## What is required
The answer must be one number: how many lines below contain the word "simFlow".

## Data in this exercise
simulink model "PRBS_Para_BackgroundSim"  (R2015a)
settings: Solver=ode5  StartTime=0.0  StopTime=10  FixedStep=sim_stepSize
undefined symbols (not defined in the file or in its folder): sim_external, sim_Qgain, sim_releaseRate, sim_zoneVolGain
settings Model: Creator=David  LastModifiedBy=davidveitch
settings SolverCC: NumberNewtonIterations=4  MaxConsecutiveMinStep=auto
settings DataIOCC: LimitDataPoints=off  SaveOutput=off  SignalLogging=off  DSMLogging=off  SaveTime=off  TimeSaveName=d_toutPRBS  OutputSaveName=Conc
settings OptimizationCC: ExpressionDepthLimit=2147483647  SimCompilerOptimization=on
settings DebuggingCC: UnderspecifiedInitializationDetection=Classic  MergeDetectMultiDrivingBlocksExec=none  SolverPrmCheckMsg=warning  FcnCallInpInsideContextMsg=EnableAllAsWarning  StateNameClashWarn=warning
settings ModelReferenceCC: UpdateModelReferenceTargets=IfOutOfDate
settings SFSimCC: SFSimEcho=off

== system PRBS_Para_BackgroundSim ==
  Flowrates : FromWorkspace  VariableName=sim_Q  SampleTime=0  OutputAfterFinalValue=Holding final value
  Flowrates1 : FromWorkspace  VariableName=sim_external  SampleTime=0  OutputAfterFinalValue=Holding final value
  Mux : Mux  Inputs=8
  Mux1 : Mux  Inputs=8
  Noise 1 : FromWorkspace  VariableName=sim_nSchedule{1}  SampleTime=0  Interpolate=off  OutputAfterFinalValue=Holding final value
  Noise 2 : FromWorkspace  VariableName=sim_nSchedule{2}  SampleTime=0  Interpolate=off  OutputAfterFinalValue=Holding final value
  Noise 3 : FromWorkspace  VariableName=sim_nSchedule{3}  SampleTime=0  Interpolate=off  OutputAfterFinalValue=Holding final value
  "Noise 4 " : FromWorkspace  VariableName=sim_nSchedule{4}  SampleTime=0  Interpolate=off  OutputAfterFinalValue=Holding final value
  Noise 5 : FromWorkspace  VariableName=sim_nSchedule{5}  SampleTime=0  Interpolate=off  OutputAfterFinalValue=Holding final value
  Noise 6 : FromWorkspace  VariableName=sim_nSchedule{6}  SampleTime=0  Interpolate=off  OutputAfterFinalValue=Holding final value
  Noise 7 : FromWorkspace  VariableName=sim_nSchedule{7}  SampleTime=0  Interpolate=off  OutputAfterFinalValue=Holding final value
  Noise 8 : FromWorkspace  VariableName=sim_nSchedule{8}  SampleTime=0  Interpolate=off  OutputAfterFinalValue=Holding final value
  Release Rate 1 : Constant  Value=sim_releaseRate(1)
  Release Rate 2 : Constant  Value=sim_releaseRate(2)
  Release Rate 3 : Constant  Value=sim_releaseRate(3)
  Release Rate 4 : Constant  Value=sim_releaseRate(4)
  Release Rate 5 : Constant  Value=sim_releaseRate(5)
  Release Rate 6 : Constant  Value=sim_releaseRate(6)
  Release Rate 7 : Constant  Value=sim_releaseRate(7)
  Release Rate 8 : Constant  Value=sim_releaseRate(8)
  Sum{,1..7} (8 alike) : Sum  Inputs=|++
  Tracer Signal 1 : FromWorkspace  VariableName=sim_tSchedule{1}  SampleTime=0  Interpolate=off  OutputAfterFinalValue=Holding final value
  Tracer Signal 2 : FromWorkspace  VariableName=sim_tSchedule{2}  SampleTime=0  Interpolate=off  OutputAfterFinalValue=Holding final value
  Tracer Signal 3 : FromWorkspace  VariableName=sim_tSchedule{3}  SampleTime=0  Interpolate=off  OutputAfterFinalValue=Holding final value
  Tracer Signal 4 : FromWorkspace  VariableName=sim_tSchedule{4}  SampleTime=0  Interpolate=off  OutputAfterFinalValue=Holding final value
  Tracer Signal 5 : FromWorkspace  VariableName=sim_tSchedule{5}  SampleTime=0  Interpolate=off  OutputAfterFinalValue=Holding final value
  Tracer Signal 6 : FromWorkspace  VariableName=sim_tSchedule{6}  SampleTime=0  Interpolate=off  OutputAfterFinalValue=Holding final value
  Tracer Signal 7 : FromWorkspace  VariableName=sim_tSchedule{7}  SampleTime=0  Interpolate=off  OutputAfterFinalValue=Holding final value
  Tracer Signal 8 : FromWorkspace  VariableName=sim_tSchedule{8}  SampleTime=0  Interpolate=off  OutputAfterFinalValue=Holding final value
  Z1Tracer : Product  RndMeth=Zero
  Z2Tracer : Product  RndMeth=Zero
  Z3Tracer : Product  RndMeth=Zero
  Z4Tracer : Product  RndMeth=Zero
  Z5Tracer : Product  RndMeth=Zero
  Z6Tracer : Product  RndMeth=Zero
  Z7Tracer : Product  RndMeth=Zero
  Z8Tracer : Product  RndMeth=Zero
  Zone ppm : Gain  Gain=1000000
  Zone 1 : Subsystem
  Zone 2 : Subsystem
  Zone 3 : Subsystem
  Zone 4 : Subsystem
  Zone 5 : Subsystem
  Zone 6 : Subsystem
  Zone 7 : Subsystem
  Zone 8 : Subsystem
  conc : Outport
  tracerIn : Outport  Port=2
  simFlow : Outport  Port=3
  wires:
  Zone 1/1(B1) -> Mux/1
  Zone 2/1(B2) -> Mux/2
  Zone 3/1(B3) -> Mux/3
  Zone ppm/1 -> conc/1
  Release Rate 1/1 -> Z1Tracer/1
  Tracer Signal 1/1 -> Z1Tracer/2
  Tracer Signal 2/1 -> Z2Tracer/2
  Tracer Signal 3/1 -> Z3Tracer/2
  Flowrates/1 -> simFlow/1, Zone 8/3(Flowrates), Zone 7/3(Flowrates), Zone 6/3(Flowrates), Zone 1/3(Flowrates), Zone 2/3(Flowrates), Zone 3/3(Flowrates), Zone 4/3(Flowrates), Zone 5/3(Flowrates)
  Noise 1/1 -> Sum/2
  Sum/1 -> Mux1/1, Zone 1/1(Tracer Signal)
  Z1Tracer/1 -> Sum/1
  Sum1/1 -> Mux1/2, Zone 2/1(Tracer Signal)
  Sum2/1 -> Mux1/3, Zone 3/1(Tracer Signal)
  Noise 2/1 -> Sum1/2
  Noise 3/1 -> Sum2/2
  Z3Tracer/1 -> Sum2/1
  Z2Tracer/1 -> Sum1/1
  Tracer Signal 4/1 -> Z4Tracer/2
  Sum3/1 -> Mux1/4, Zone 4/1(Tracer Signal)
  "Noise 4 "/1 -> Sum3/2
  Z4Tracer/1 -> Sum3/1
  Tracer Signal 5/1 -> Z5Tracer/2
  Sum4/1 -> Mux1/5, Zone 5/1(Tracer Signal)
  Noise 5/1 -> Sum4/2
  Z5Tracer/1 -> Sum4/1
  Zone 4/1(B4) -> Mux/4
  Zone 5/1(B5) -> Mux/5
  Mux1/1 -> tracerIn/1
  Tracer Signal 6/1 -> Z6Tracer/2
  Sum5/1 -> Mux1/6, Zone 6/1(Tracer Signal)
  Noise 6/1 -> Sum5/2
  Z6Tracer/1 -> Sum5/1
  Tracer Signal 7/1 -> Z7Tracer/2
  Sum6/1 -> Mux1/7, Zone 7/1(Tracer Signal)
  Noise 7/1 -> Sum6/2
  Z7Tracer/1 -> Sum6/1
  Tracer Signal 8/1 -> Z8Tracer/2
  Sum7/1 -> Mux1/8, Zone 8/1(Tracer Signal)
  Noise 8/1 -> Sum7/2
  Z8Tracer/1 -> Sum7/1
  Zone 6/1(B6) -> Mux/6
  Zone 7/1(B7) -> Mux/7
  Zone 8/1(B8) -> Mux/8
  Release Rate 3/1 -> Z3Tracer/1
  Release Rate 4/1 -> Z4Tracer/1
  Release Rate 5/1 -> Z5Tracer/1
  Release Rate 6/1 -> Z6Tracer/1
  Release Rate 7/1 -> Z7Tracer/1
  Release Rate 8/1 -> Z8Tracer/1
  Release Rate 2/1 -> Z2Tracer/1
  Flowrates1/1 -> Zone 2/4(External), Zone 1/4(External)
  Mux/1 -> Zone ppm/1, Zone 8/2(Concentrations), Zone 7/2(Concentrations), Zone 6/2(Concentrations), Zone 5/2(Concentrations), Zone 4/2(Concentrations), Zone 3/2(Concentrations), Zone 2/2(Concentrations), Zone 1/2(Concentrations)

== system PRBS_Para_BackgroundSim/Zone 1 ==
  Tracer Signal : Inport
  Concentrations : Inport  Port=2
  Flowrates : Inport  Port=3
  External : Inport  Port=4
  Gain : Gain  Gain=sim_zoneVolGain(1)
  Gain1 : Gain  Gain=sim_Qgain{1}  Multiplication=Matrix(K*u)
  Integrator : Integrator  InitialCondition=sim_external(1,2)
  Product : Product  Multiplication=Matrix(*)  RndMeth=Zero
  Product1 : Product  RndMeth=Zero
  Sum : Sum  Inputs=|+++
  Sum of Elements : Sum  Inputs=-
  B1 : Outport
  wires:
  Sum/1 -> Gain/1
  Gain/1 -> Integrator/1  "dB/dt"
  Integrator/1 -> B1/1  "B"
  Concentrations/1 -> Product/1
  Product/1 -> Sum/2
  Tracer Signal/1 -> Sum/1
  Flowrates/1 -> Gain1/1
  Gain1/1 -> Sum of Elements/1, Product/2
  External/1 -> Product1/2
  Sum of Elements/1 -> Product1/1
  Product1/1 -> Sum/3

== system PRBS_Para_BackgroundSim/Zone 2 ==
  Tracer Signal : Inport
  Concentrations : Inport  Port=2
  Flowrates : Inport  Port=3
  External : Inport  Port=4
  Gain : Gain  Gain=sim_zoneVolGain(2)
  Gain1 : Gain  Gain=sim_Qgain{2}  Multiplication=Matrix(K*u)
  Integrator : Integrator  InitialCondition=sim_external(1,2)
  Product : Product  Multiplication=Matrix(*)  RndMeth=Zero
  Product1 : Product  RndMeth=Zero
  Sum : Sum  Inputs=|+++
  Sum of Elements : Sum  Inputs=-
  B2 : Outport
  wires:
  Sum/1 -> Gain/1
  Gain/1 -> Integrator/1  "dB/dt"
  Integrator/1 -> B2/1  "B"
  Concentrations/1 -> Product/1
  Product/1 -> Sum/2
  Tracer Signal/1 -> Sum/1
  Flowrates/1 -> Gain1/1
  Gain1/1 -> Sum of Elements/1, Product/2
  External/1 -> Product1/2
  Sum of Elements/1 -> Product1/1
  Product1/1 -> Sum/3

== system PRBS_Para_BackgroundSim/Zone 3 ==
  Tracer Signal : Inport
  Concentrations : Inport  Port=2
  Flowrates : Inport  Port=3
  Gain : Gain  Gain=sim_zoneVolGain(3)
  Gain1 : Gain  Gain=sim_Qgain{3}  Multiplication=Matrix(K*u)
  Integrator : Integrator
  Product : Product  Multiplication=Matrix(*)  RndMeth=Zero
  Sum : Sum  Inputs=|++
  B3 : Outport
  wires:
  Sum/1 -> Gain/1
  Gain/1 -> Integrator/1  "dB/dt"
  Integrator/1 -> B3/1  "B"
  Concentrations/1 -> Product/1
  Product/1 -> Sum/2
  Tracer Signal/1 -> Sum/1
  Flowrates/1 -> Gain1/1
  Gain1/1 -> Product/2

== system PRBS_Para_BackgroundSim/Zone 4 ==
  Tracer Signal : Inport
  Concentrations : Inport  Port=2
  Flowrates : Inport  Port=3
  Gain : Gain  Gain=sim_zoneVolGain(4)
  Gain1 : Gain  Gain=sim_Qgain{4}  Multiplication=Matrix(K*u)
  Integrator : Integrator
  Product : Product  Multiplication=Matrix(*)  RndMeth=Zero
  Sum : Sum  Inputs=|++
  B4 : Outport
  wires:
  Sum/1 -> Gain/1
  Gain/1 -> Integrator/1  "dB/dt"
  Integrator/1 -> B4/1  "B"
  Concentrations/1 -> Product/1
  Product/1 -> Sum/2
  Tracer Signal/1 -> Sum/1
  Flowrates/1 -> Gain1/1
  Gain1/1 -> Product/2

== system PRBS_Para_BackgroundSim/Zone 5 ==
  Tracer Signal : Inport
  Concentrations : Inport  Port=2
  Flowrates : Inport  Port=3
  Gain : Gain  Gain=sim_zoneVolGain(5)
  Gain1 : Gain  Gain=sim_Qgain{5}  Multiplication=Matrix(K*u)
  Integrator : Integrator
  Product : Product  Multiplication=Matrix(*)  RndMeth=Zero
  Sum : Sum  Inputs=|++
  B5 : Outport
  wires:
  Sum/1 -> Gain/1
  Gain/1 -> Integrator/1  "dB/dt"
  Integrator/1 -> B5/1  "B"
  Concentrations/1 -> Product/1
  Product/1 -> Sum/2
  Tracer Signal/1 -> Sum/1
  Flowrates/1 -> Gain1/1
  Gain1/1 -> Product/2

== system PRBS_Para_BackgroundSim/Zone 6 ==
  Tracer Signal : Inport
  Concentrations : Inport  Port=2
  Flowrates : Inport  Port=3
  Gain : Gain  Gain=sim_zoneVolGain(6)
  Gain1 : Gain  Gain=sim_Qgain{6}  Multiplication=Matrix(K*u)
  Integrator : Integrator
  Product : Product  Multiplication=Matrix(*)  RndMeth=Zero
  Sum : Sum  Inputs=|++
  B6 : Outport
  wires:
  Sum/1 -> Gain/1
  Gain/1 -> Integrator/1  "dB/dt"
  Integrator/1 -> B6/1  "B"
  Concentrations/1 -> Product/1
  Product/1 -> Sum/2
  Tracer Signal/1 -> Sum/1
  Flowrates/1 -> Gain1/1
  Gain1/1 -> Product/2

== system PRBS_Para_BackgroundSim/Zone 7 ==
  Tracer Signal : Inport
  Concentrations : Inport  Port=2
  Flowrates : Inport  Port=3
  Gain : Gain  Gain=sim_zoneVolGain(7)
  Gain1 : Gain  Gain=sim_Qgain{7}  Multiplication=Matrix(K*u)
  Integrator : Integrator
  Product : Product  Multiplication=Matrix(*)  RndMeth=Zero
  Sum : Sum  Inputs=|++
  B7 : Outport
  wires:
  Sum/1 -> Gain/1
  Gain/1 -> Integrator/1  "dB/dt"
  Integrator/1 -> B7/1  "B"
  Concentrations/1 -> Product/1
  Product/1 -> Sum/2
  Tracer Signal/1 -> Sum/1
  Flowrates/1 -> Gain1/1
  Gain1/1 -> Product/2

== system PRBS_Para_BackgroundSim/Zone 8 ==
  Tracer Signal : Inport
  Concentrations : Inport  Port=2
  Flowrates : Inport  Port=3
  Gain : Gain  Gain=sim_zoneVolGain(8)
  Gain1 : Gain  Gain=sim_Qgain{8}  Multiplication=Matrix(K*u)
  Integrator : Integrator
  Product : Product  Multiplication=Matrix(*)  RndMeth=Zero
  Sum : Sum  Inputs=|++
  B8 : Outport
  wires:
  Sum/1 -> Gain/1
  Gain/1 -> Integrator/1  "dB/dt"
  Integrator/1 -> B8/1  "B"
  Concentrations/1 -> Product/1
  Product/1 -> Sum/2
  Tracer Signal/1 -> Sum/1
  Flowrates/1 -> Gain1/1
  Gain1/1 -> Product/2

## Solution for this problem
2